Myanmar’s recently unveiled economic agenda is heavily dependent on overcoming electricity shortages in areas already on the national grid as well as achieving the country’s goal of implementing universal access to electricity by 2030.
New economic plan
The 12-point national economic policy issued by the recently elected National League for Democracy (NLD) in late July calls for improving infrastructure, developing the manufacturing and agriculture industries, promoting export industries, and expanding the private sector through support for small and medium-sized enterprises.
To achieve these goals, significant improvements will be needed to the electricity generation, transmission and distribution systems.
While details on developments such as improving electricity service delivery were not included in the policy paper, earlier this month State Counsellor Daw Aung San Suu Kyi said a separate policy on expanding basic infrastructure would be released soon.
In particular, the policy will need to determine if the government will follow earlier proposals to increase the use of coal in maintaining the current energy mix, which is heavily weighted towards hydro-generation capacity, or to lift the input of renewables and gas.
Widening supply gap
Peak consumption in the high summer season was at 2730 MW, though the combined generational capacity of Myanmar’s power plants is just 2450 MW, leaving a significant shortfall in supply.

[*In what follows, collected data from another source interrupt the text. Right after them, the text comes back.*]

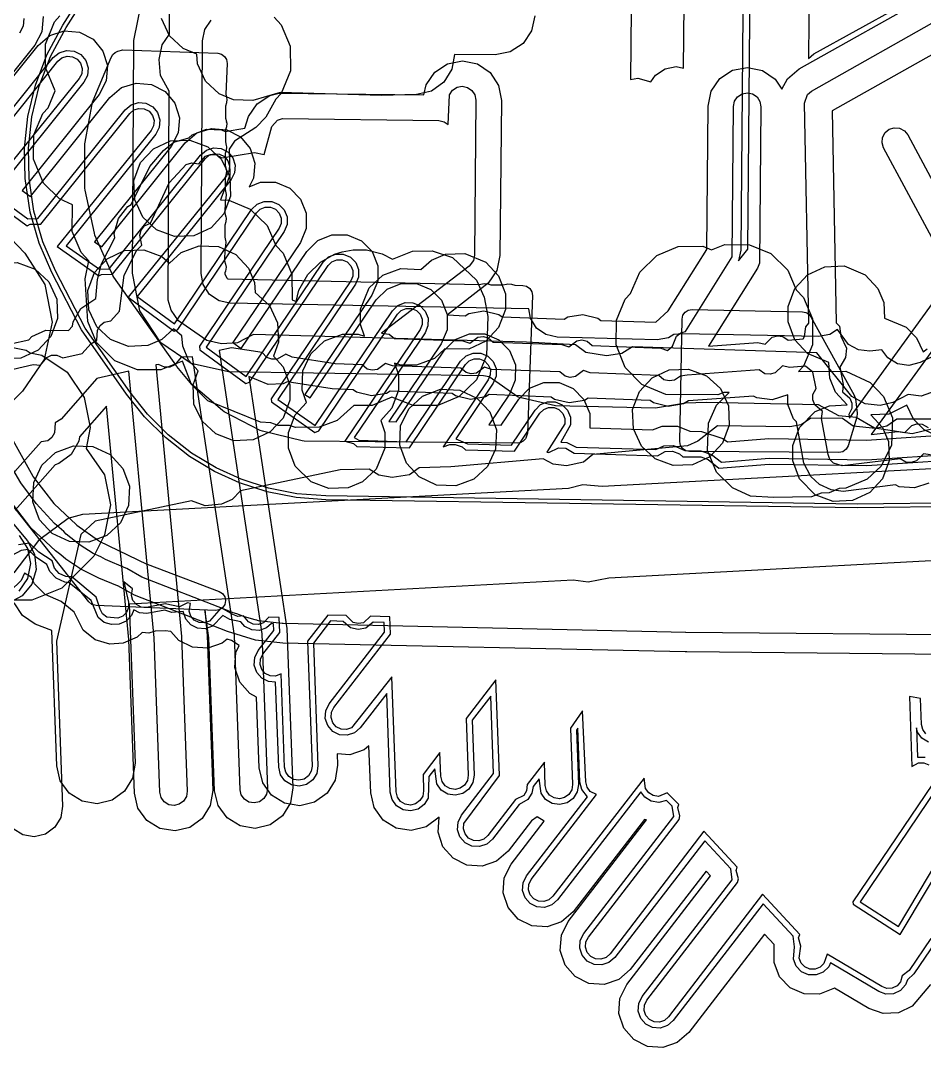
# Model space of a CAD drawing. Header units: metres. Extents: x -2677 to -840, y 169 to 1487.
# Drawn here: x -1968.6 to -1922.5, y 225.2 to 277.6 of the extents above; entities that cross this region are included whole.
import ezdxf

# ---------------------------------------------------------------- set-up
doc = ezdxf.new("R2010")
doc.units = ezdxf.units.M
doc.layers.add('AI_GREENING_EXCLUSIONS', color=1, linetype='Continuous')
doc.layers.add('AI_GREENING_LAWN', color=82, linetype='Continuous')

msp = doc.modelspace()

# ---------------------------------------------------------------- linework, layer by layer
at = {"layer": 'AI_GREENING_EXCLUSIONS'}
for points in [[(-1920.541, 252.79), (-1925.969, 252.72), (-1953.074, 253.135), (-1954.583, 253.253), (-1956.052, 253.546), (-1957.467, 254.006), (-1958.742, 254.588), (-1960.013, 255.353), (-1961.251, 256.318), (-1962.313, 257.375), (-1963.229, 258.528), (-1965.523, 261.803), (-1967.033, 264.733), (-1967.684, 266.225), (-1968.145, 267.814), (-1968.402, 269.525), (-1968.433, 271.068), (-1968.261, 272.693), (-1967.881, 274.288), (-1967.293, 275.832), (-1966.475, 277.345), (-1947.2, 307.714)], [(-1920.575, 252.987), (-1925.966, 252.92), (-1953.059, 253.334), (-1954.545, 253.449), (-1955.991, 253.736), (-1957.384, 254.188), (-1958.659, 254.77), (-1959.909, 255.524), (-1961.11, 256.46), (-1962.156, 257.5), (-1963.065, 258.643), (-1965.345, 261.895), (-1966.855, 264.824), (-1967.5, 266.305), (-1967.952, 267.869), (-1968.202, 269.529), (-1968.233, 271.072), (-1968.062, 272.671), (-1967.687, 274.241), (-1967.106, 275.76), (-1966.306, 277.238), (-1947.031, 307.606)], [(-1937.496, 278.15), (-1937.529, 274.583), (-1937.161, 274.653), (-1936.489, 274.466), (-1936.257, 274.806), (-1935.767, 275.127), (-1935.192, 275.236), (-1934.823, 275.159), (-1934.778, 280.051)], [(-1931.778, 280.023), (-1931.908, 265.87), (-1932.021, 265.329), (-1931.546, 265.928), (-1931.421, 279.567)], [(-1928.421, 279.54), (-1928.457, 275.645), (-1928.176, 275.884), (-1921.695, 279.469)], [(-1970.105, 260.886), (-1968.208, 261.303), (-1968.053, 261.467), (-1967.34, 261.784), (-1966.188, 261.774), (-1965.979, 261.993), (-1965.949, 262.217), (-1965.559, 262.892), (-1964.796, 263.405), (-1964.718, 264.374), (-1964.507, 265.178), (-1963.826, 266.504), (-1963.854, 266.728), (-1963.646, 267.48), (-1963.167, 268.096), (-1962.99, 268.196), (-1962.049, 270.148), (-1961.351, 270.952), (-1960.819, 271.38), (-1960.054, 271.611), (-1959.89, 271.764), (-1959.159, 272.039), (-1958.379, 272.012), (-1958.194, 271.928), (-1957.197, 272.092), (-1957.014, 272.696), (-1956.571, 273.338), (-1955.916, 273.762), (-1955.445, 273.885), (-1948.062, 273.796), (-1947.954, 274.313), (-1947.514, 274.958), (-1946.861, 275.386), (-1946.095, 275.531), (-1945.331, 275.371), (-1944.686, 274.932), (-1944.258, 274.279), (-1944.113, 273.512), (-1944.186, 265.598), (-1944.345, 264.834), (-1944.785, 264.189), (-1946.865, 262.573), (-1945.966, 262.529), (-1945.774, 262.647), (-1945.004, 262.772), (-1944.244, 262.592), (-1944.08, 262.473), (-1940.919, 262.347), (-1940.727, 262.466), (-1939.957, 262.59), (-1939.197, 262.411), (-1939.033, 262.292), (-1936.239, 262.192), (-1935.606, 262.777), (-1933.642, 265.914), (-1933.574, 273.215), (-1933.415, 273.978), (-1932.976, 274.623), (-1932.323, 275.051), (-1931.556, 275.196), (-1930.792, 275.037), (-1930.147, 274.597), (-1929.817, 274.094), (-1929.526, 274.615), (-1928.933, 275.123), (-1922.012, 279.02)], [(-1921.267, 256.968), (-1923.16, 256.498), (-1925.09, 256.788), (-1926.015, 257.345), (-1926.899, 257.429), (-1927.941, 257.975), (-1933.668, 258.095), (-1934.727, 258.07), (-1936.252, 257.806), (-1941.357, 257.937), (-1943.26, 258.366), (-1944.738, 259.409), (-1945.027, 259.464), (-1958.026, 259.667), (-1959.932, 260.084), (-1961.486, 261.151), (-1962.56, 262.78), (-1962.929, 264.695), (-1962.859, 276.575), (-1962.467, 278.486)], [(-1921.693, 258.774), (-1922.708, 258.426), (-1923.36, 258.502), (-1924.141, 258.106), (-1924.79, 257.942), (-1925.565, 258.033), (-1926.246, 258.414), (-1928.03, 260.638), (-1937.42, 260.947), (-1937.976, 260.602), (-1938.746, 260.475), (-1939.802, 260.661), (-1940.336, 261.043), (-1942.833, 261.175), (-1956.761, 261.563), (-1957.566, 261.14), (-1958.383, 261.097), (-1959.143, 261.273), (-1960.587, 262.267), (-1960.948, 262.804), (-1961.105, 263.321), (-1961.061, 273.983), (-1961.503, 274.778), (-1961.566, 275.594), (-1961.409, 276.356), (-1961.041, 276.9), (-1961.032, 278.297)], [(-1967.477, 277.795), (-1967.545, 277.017), (-1967.905, 276.325), (-1971.946, 271.291)], [(-1971.074, 259.334), (-1967.985, 260.034), (-1967.618, 260.005), (-1967.303, 260.405), (-1967.053, 260.517), (-1966.78, 260.524), (-1966.473, 260.376), (-1965.49, 260.599), (-1965.053, 261.097), (-1964.739, 261.289), (-1964.719, 261.798), (-1964.582, 262.034), (-1964.365, 262.201), (-1964.03, 262.262), (-1963.59, 262.763), (-1963.345, 264.594), (-1962.704, 265.871), (-1962.449, 266.135), (-1962.558, 266.633), (-1962.485, 266.896), (-1962.317, 267.112), (-1962.008, 267.255), (-1961.049, 269.304), (-1960.189, 270.242), (-1959.907, 270.33), (-1959.543, 270.279), (-1959.204, 270.66), (-1958.949, 270.756), (-1958.676, 270.747), (-1958.378, 270.581), (-1956.7, 270.856), (-1956.209, 270.747), (-1955.821, 272.18), (-1955.53, 272.508), (-1955.272, 272.597), (-1947.297, 272.484), (-1947.03, 272.427), (-1946.824, 272.285), (-1946.757, 273.805), (-1946.603, 274.03), (-1946.375, 274.18), (-1946.107, 274.231), (-1945.839, 274.175), (-1945.614, 274.021), (-1945.464, 273.793), (-1945.413, 273.524), (-1945.486, 265.61), (-1945.542, 265.343), (-1945.759, 265.061), (-1950.223, 261.633), (-1949.831, 261.591), (-1949.572, 261.37), (-1946.074, 261.244), (-1945.727, 261.123), (-1945.32, 261.429), (-1945.05, 261.472), (-1944.785, 261.409), (-1944.525, 261.188), (-1941.027, 261.063), (-1940.68, 260.941), (-1940.273, 261.247), (-1940.003, 261.291), (-1939.738, 261.228), (-1939.478, 261.007), (-1935.98, 260.881), (-1935.633, 260.76), (-1935.38, 260.971), (-1935.174, 261.478), (-1934.964, 261.653), (-1934.731, 261.725), (-1932.345, 265.536), (-1932.274, 273.203), (-1932.219, 273.47), (-1932.065, 273.696), (-1931.836, 273.845), (-1931.568, 273.896), (-1931.301, 273.84), (-1931.075, 273.687), (-1930.925, 273.458), (-1930.875, 273.19), (-1930.957, 265.215), (-1931.054, 264.96), (-1933.544, 260.982), (-1931.026, 261.16), (-1930.667, 261.08), (-1930.299, 261.431), (-1930.036, 261.506), (-1929.765, 261.475), (-1929.481, 261.286), (-1928.724, 261.347), (-1928.647, 261.461), (-1928.589, 261.955), (-1928.433, 262.144), (-1928.652, 273.366), (-1928.503, 273.812), (-1928.296, 273.99), (-1921.374, 277.887)], [(-1968.471, 277.686), (-1968.505, 277.297), (-1968.685, 276.951)], [(-1955.709, 277.756), (-1955.34, 277.368), (-1954.886, 276.284), (-1954.872, 275.027), (-1955.34, 273.873), (-1955.617, 273.577), (-1956.122, 272.658), (-1956.629, 272.136), (-1957.726, 271.438), (-1957.998, 271.032), (-1957.955, 269.705), (-1958.446, 268.439), (-1958.005, 268.425), (-1956.921, 267.972), (-1956.054, 267.123), (-1955.618, 266.116), (-1955.248, 265.728), (-1954.795, 264.644), (-1954.79, 263.34), (-1954.585, 263.254), (-1954.438, 263.833), (-1953.985, 264.626), (-1953.339, 265.26), (-1952.629, 265.661), (-1952.237, 265.785), (-1951.669, 265.896), (-1950.989, 265.887), (-1950.188, 265.692), (-1949.672, 265.413), (-1948.646, 265.819), (-1947.651, 265.845), (-1946.601, 265.493), (-1945.377, 264.335), (-1944.992, 263.479), (-1944.81, 262.489), (-1944.875, 260.498), (-1945.39, 259.266), (-1946.267, 258.41), (-1947.35, 257.957), (-1948.62, 257.941), (-1949.7, 258.375), (-1950.698, 257.957), (-1951.63, 257.942), (-1952.493, 257.183), (-1953.407, 256.836), (-1954.611, 256.833), (-1954.918, 256.936), (-1955.504, 256.936), (-1955.867, 257.073), (-1956.399, 257.093), (-1959.092, 258.189), (-1959.924, 259.021), (-1960.38, 260.206), (-1961.48, 259.763), (-1962.667, 259.763), (-1963.832, 260.233), (-1964.754, 261.155), (-1965.208, 262.238), (-1965.339, 264.41), (-1965.151, 265.335), (-1965.548, 265.75), (-1966.001, 266.833), (-1965.988, 268.191), (-1966.658, 268.486), (-1967.468, 269.296), (-1967.974, 270.507), (-1967.96, 271.764), (-1967.96, 271.764), (-1967.506, 272.848), (-1967.234, 273.138), (-1966.875, 273.998), (-1967.366, 275.187), (-1967.366, 276.374), (-1966.898, 277.528), (-1966.626, 277.819)], [(-1942.415, 277.831), (-1942.572, 277.066), (-1943.01, 276.42), (-1943.662, 275.991), (-1944.428, 275.844), (-1946.507, 275.857), (-1946.635, 275.098), (-1947.049, 274.436), (-1947.684, 273.984), (-1948.445, 273.809), (-1950.228, 273.76), (-1955.397, 273.915), (-1956.797, 273.51), (-1957.783, 273.549), (-1958.506, 273.851), (-1959.205, 274.498), (-1959.614, 275.38), (-1959.653, 275.876), (-1960.345, 276.165), (-1961.044, 276.812), (-1961.453, 277.694)], [(-1918.982, 261.936), (-1922.757, 260.135), (-1923.325, 259.994), (-1923.904, 260.081), (-1924.406, 260.383), (-1924.708, 260.792), (-1925.317, 260.729), (-1925.899, 260.783), (-1926.417, 261.057), (-1926.97, 261.828), (-1927.365, 261.572), (-1927.941, 261.466), (-1934.881, 261.613), (-1935.326, 261.569), (-1935.586, 261.405), (-1936.163, 261.305), (-1941.268, 261.436), (-1941.839, 261.564), (-1942.317, 261.902), (-1942.63, 262.397), (-1942.714, 262.884), (-1957.959, 263.166), (-1958.512, 263.283), (-1958.997, 263.611), (-1959.326, 264.119), (-1959.43, 264.675), (-1959.359, 276.554), (-1959.241, 277.127), (-1958.913, 277.612)], [(-1971.838, 271.221), (-1967.746, 276.321), (-1967.148, 276.822), (-1966.404, 277.057), (-1965.626, 276.989), (-1964.934, 276.629), (-1964.433, 276.031), (-1964.198, 275.287), (-1964.266, 274.509), (-1964.626, 273.817), (-1968.557, 268.919), (-1968.134, 268.612), (-1964.079, 273.664), (-1963.481, 274.165), (-1962.737, 274.4), (-1961.96, 274.332), (-1961.268, 273.972), (-1960.766, 273.374), (-1960.531, 272.63), (-1960.599, 271.852), (-1960.96, 271.16), (-1964.859, 266.301), (-1964.494, 266.046), (-1960.237, 271.35), (-1959.64, 271.851), (-1958.895, 272.086), (-1958.118, 272.018), (-1957.426, 271.658), (-1956.924, 271.06), (-1956.69, 270.316), (-1956.758, 269.538), (-1956.982, 269.107), (-1956.405, 269.343), (-1955.625, 269.339), (-1954.905, 269.038), (-1954.356, 268.483), (-1954.061, 267.761), (-1954.064, 266.981), (-1954.366, 266.261), (-1957.807, 261.162), (-1957.382, 260.849), (-1954.032, 265.813), (-1953.477, 266.362), (-1952.755, 266.658), (-1951.975, 266.654), (-1951.255, 266.352), (-1950.706, 265.798), (-1950.41, 265.076), (-1950.414, 264.295), (-1950.716, 263.576), (-1954.13, 258.516), (-1953.869, 258.332), (-1950.494, 263.332), (-1949.94, 263.882), (-1949.218, 264.177), (-1948.437, 264.174), (-1947.718, 263.872), (-1947.169, 263.317), (-1946.873, 262.595), (-1946.877, 261.815), (-1947.179, 261.095), (-1949.855, 257.129), (-1949.481, 257.117), (-1947.021, 260.764), (-1946.466, 261.313), (-1945.744, 261.608), (-1944.964, 261.605), (-1944.244, 261.303), (-1943.695, 260.748), (-1943.4, 260.026), (-1943.403, 259.246), (-1943.705, 258.526), (-1944.756, 256.969), (-1944.124, 256.949), (-1943.227, 258.278), (-1942.673, 258.827), (-1941.95, 259.123), (-1941.17, 259.119), (-1940.45, 258.817), (-1939.901, 258.263), (-1939.606, 257.541), (-1939.609, 256.808), (-1936.405, 256.707), (-1935.92, 256.889), (-1935.129, 256.889), (-1934.501, 256.648), (-1933.907, 256.629), (-1932.811, 256.26), (-1932.576, 256.093), (-1930.467, 256.26), (-1925.5, 256.181), (-1919.435, 256.584)], [(-1920.687, 276.667), (-1927.244, 272.975), (-1927.033, 262.171), (-1926.87, 261.989), (-1926.793, 261.494), (-1926.519, 260.867), (-1926.558, 260.395), (-1926.844, 259.911), (-1926.679, 259.012), (-1926.723, 258.647), (-1926.336, 258.315), (-1926.236, 258.061), (-1926.24, 257.788), (-1926.4, 257.487), (-1926.366, 257.304), (-1921.111, 264.558), (-1924.621, 271.094), (-1924.701, 271.355), (-1924.675, 271.627), (-1924.546, 271.868), (-1924.336, 272.042), (-1924.074, 272.122), (-1923.802, 272.096), (-1923.561, 271.967), (-1923.388, 271.757), (-1919.67, 264.834)], [(-1971.427, 270.136), (-1966.966, 275.695), (-1966.667, 275.946), (-1966.295, 276.063), (-1965.906, 276.029), (-1965.56, 275.849), (-1965.309, 275.55), (-1965.192, 275.178), (-1965.226, 274.789), (-1965.406, 274.443), (-1969.995, 268.726), (-1968.258, 267.467), (-1967.76, 267.48), (-1963.299, 273.038), (-1963, 273.289), (-1962.628, 273.406), (-1962.24, 273.372), (-1961.894, 273.192), (-1961.643, 272.893), (-1961.525, 272.521), (-1961.559, 272.132), (-1961.74, 271.786), (-1966.308, 266.093), (-1964.616, 264.912), (-1964.108, 264.929), (-1959.458, 270.724), (-1959.159, 270.975), (-1958.787, 271.092), (-1958.398, 271.058), (-1958.052, 270.878), (-1957.801, 270.579), (-1957.684, 270.207), (-1957.718, 269.818), (-1957.898, 269.472), (-1962.684, 263.508), (-1960.786, 262.111), (-1956.853, 267.939), (-1956.576, 268.214), (-1956.215, 268.361), (-1955.824, 268.36), (-1955.465, 268.209), (-1955.19, 267.931), (-1955.042, 267.57), (-1955.044, 267.18), (-1955.195, 266.82), (-1959.173, 260.925), (-1957.135, 259.426), (-1953.203, 265.254), (-1952.926, 265.528), (-1952.564, 265.676), (-1952.174, 265.674), (-1951.814, 265.523), (-1951.54, 265.246), (-1951.392, 264.885), (-1951.394, 264.495), (-1951.545, 264.135), (-1955.509, 258.261), (-1953.609, 256.929), (-1949.665, 262.773), (-1949.388, 263.048), (-1949.027, 263.195), (-1948.637, 263.194), (-1948.277, 263.043), (-1948.003, 262.766), (-1947.855, 262.404), (-1947.857, 262.014), (-1948.008, 261.654), (-1951.614, 256.31), (-1951.382, 256.174), (-1948.961, 256.1), (-1946.192, 260.204), (-1945.915, 260.479), (-1945.554, 260.627), (-1945.163, 260.625), (-1944.804, 260.474), (-1944.529, 260.197), (-1944.381, 259.835), (-1944.383, 259.445), (-1944.534, 259.085), (-1946.443, 256.256), (-1945.84, 256), (-1943.604, 255.932), (-1942.398, 257.719), (-1942.121, 257.993), (-1941.76, 258.141), (-1941.37, 258.139), (-1941.01, 257.988), (-1940.735, 257.711), (-1940.587, 257.35), (-1940.589, 256.96), (-1941.089, 256.083), (-1940.771, 256.063), (-1940.298, 255.826), (-1936.237, 255.7), (-1935.82, 255.889), (-1935.327, 255.909), (-1934.757, 255.653), (-1933.939, 255.63), (-1933.39, 255.445), (-1932.893, 255.064), (-1930.463, 255.26), (-1925.475, 255.181), (-1919.282, 255.592)], [(-1971.264, 269.86), (-1966.732, 275.507), (-1966.523, 275.682), (-1966.262, 275.765), (-1965.99, 275.741), (-1965.748, 275.615), (-1965.572, 275.405), (-1965.49, 275.145), (-1965.514, 274.873), (-1965.64, 274.631), (-1970.462, 268.694), (-1968.292, 267.121), (-1968.154, 267.191), (-1967.598, 267.203), (-1963.065, 272.85), (-1962.856, 273.026), (-1962.596, 273.108), (-1962.324, 273.084), (-1962.081, 272.958), (-1961.906, 272.749), (-1961.824, 272.488), (-1961.847, 272.216), (-1961.974, 271.974), (-1966.775, 266.054), (-1964.647, 264.567), (-1964.502, 264.64), (-1963.946, 264.652), (-1959.224, 270.536), (-1959.014, 270.712), (-1958.754, 270.794), (-1958.482, 270.77), (-1958.24, 270.644), (-1958.064, 270.435), (-1957.982, 270.174), (-1958.006, 269.902), (-1958.132, 269.66), (-1963.152, 263.48), (-1960.798, 261.748), (-1960.613, 261.83), (-1956.604, 267.771), (-1956.41, 267.964), (-1956.157, 268.067), (-1955.884, 268.066), (-1955.632, 267.96), (-1955.44, 267.766), (-1955.337, 267.513), (-1955.338, 267.24), (-1955.444, 266.988), (-1959.505, 260.97), (-1959.499, 260.792), (-1957.148, 259.063), (-1956.963, 259.145), (-1952.954, 265.086), (-1952.76, 265.278), (-1952.507, 265.382), (-1952.234, 265.38), (-1951.982, 265.275), (-1951.79, 265.081), (-1951.687, 264.828), (-1951.688, 264.555), (-1951.794, 264.303), (-1955.854, 258.285), (-1955.845, 258.131), (-1953.627, 256.575), (-1953.426, 256.664), (-1949.417, 262.605), (-1949.223, 262.798), (-1948.97, 262.901), (-1948.697, 262.9), (-1948.445, 262.794), (-1948.253, 262.6), (-1948.149, 262.347), (-1948.151, 262.074), (-1948.256, 261.822), (-1952.093, 256.136), (-1951.661, 256.011), (-1951.483, 255.859), (-1948.805, 255.795), (-1945.943, 260.036), (-1945.749, 260.229), (-1945.496, 260.332), (-1945.223, 260.331), (-1944.971, 260.225), (-1944.779, 260.031), (-1944.676, 259.778), (-1944.677, 259.505), (-1944.783, 259.253), (-1947.085, 255.842), (-1946.746, 255.962), (-1946.469, 255.962), (-1946.119, 255.837), (-1945.941, 255.685), (-1943.447, 255.627), (-1942.149, 257.551), (-1941.955, 257.743), (-1941.703, 257.847), (-1941.429, 257.845), (-1941.178, 257.74), (-1940.985, 257.546), (-1940.882, 257.293), (-1940.883, 257.02), (-1941.794, 255.576), (-1941.692, 255.552), (-1941.205, 255.789), (-1940.83, 255.769), (-1940.4, 255.511), (-1936.15, 255.378), (-1935.76, 255.595), (-1935.386, 255.615), (-1935.036, 255.489), (-1934.858, 255.337), (-1933.948, 255.33), (-1933.564, 255.2), (-1933.015, 254.753), (-1930.462, 254.96), (-1925.468, 254.88), (-1919.237, 255.294)], [(-1921.728, 256.319), (-1922.551, 256.704), (-1923.091, 257.244), (-1923.434, 257.968), (-1924.359, 257.515), (-1925.266, 257.476), (-1924.673, 256.831), (-1924.371, 256.109), (-1924.332, 255.123), (-1924.673, 254.206), (-1925.321, 253.507), (-1926.202, 253.097), (-1927.188, 253.058), (-1928.105, 253.399), (-1928.911, 254.206), (-1929.253, 255.123), (-1929.253, 255.914), (-1928.911, 256.831), (-1928.105, 257.637), (-1927.383, 257.94), (-1926.475, 257.979), (-1927.068, 258.623), (-1927.37, 259.346), (-1927.409, 260.146), (-1928.499, 260.594), (-1928.499, 260.594), (-1929.146, 261.293), (-1929.487, 262.21), (-1929.487, 263.002), (-1929.146, 263.919), (-1928.499, 264.618), (-1927.617, 265.027), (-1926.631, 265.066), (-1925.555, 264.618), (-1924.908, 263.919), (-1924.606, 263.196), (-1924.567, 262.396), (-1923.477, 261.948), (-1922.937, 261.408), (-1922.594, 260.684), (-1922.392, 260.835)], [(-1919.72, 264.092), (-1925.248, 256.461), (-1923.893, 256.63), (-1923.531, 256.565), (-1923.177, 256.932), (-1922.918, 257.018), (-1922.646, 256.999), (-1922.354, 256.821)], [(-1922.231, 255.426), (-1922.593, 255.491), (-1922.947, 255.124), (-1923.206, 255.038), (-1923.478, 255.057), (-1923.77, 255.235), (-1926.734, 254.868), (-1927.171, 255.001), (-1927.356, 255.201), (-1927.449, 255.442), (-1927.786, 257.284), (-1927.742, 257.649), (-1928.129, 257.981), (-1928.229, 258.235), (-1928.225, 258.508), (-1928.065, 258.809), (-1928.221, 259.657), (-1928.608, 259.952), (-1929.417, 259.886), (-1929.776, 259.966), (-1930.145, 259.614), (-1930.407, 259.54), (-1930.679, 259.571), (-1930.962, 259.76), (-1934.635, 259.497), (-1934.983, 259.453), (-1935.286, 259.244), (-1935.556, 259.2), (-1935.821, 259.263), (-1936.081, 259.484), (-1939.579, 259.61), (-1939.926, 259.731), (-1940.333, 259.425), (-1940.602, 259.381), (-1940.868, 259.444), (-1941.128, 259.665), (-1944.625, 259.791), (-1944.972, 259.912), (-1945.38, 259.606), (-1945.649, 259.563), (-1945.915, 259.625), (-1946.174, 259.847), (-1949.672, 259.972), (-1950.019, 260.094), (-1950.427, 259.788), (-1950.696, 259.744), (-1950.962, 259.807), (-1951.221, 260.028), (-1952.582, 260.08), (-1954.776, 260.414), (-1955.106, 260.574), (-1955.546, 260.317), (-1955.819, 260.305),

The supply gap is widened further as the present installed capacity does not take into account units taken off-line for maintenance or disruptions to service.
More than half of all electricity demand comes from Yangon, with commercial, industrial and private consumption there far higher than elsewhere in the country.
With demand rising by 300 MW annually, according to Ministry of Energy estimates, stepping up its investment programme will be crucial if Myanmar is to keep ahead of increasing demands on its grid.
Those future demands will include powering every business and household in Myanmar.
Currently, only about 3.7m households – or about 34% of all residences – have access to electricity, one of the lowest rates of electrification in the world. The World Bank estimates that at least 7.2m new connections for residential and business users are required to achieve universal access.
The previous administration announced ambitious targets to achieve access to electricity for 50% of the population by 2020, rising to 75% by 2025 and 100% by 2030, either through connection to the national grid or via dedicated off-grid sources powered by solar or through mini-grids.
Government estimates issued in February put the total investment required to end the existing electricity deficit and to meet future private and commercial demand at between $30bn and $40bn over the next 15 to 20 years.
State targets, private investment
According to World Bank projections, Myanmar will not be able to fund the expansion of its generation and distribution network through state investments alone.
“There has been a lot of emphasis placed on independent power producers as a means to solve Myanmar’s immediate power problems; however, these plans are not very feasible due to lack of legislation, heavy capital expenditure (for example, for hydro and combined-cycle gas turbines) and the time taken to bring online,” Paul Moynihan, general manager of engineering and construction firm RJE Myanmar, told OBG.
Sharing the investment burden through joint ventures could improve the feasibility of such projects, but the current low level of prices to consumers, with electricity provided at or below production cost, will mean tariffs will have to be revised to incentivise investors.
As Myanmar moves towards an open economy, the public will have to accept paying for services at market rates, according to U Zeya Thura Mon, CEO of Zeya and Associates, a Yangon-based engineering and construction services firm.
“The people need to be educated about the actual costs for things, particularly electricity,” he told OBG. “If the government continues to subsidise electricity tariffs, then it will be difficult for the sector to grow.”
Shortfalls in electricity generation and delivery are one of the key obstacles for industrial growth as identified by the NLD government.
In late July the Ministry of Industry issued its plan for industrial development, based on the blueprint prepared by the former administration. While identifying development drivers, including the establishment of dedicated zones and transport corridors, the plan also identifies obstacles to industrial growth.
One of these challenges, along with the high cost of land and infrastructure shortfalls, is inadequate and unreliable electricity supply, the plan said. Disruptions to supply and insufficient access to power have limited industrial growth, forcing many manufacturers to rely on on-site generators to bridge shortfalls, adding to production costs.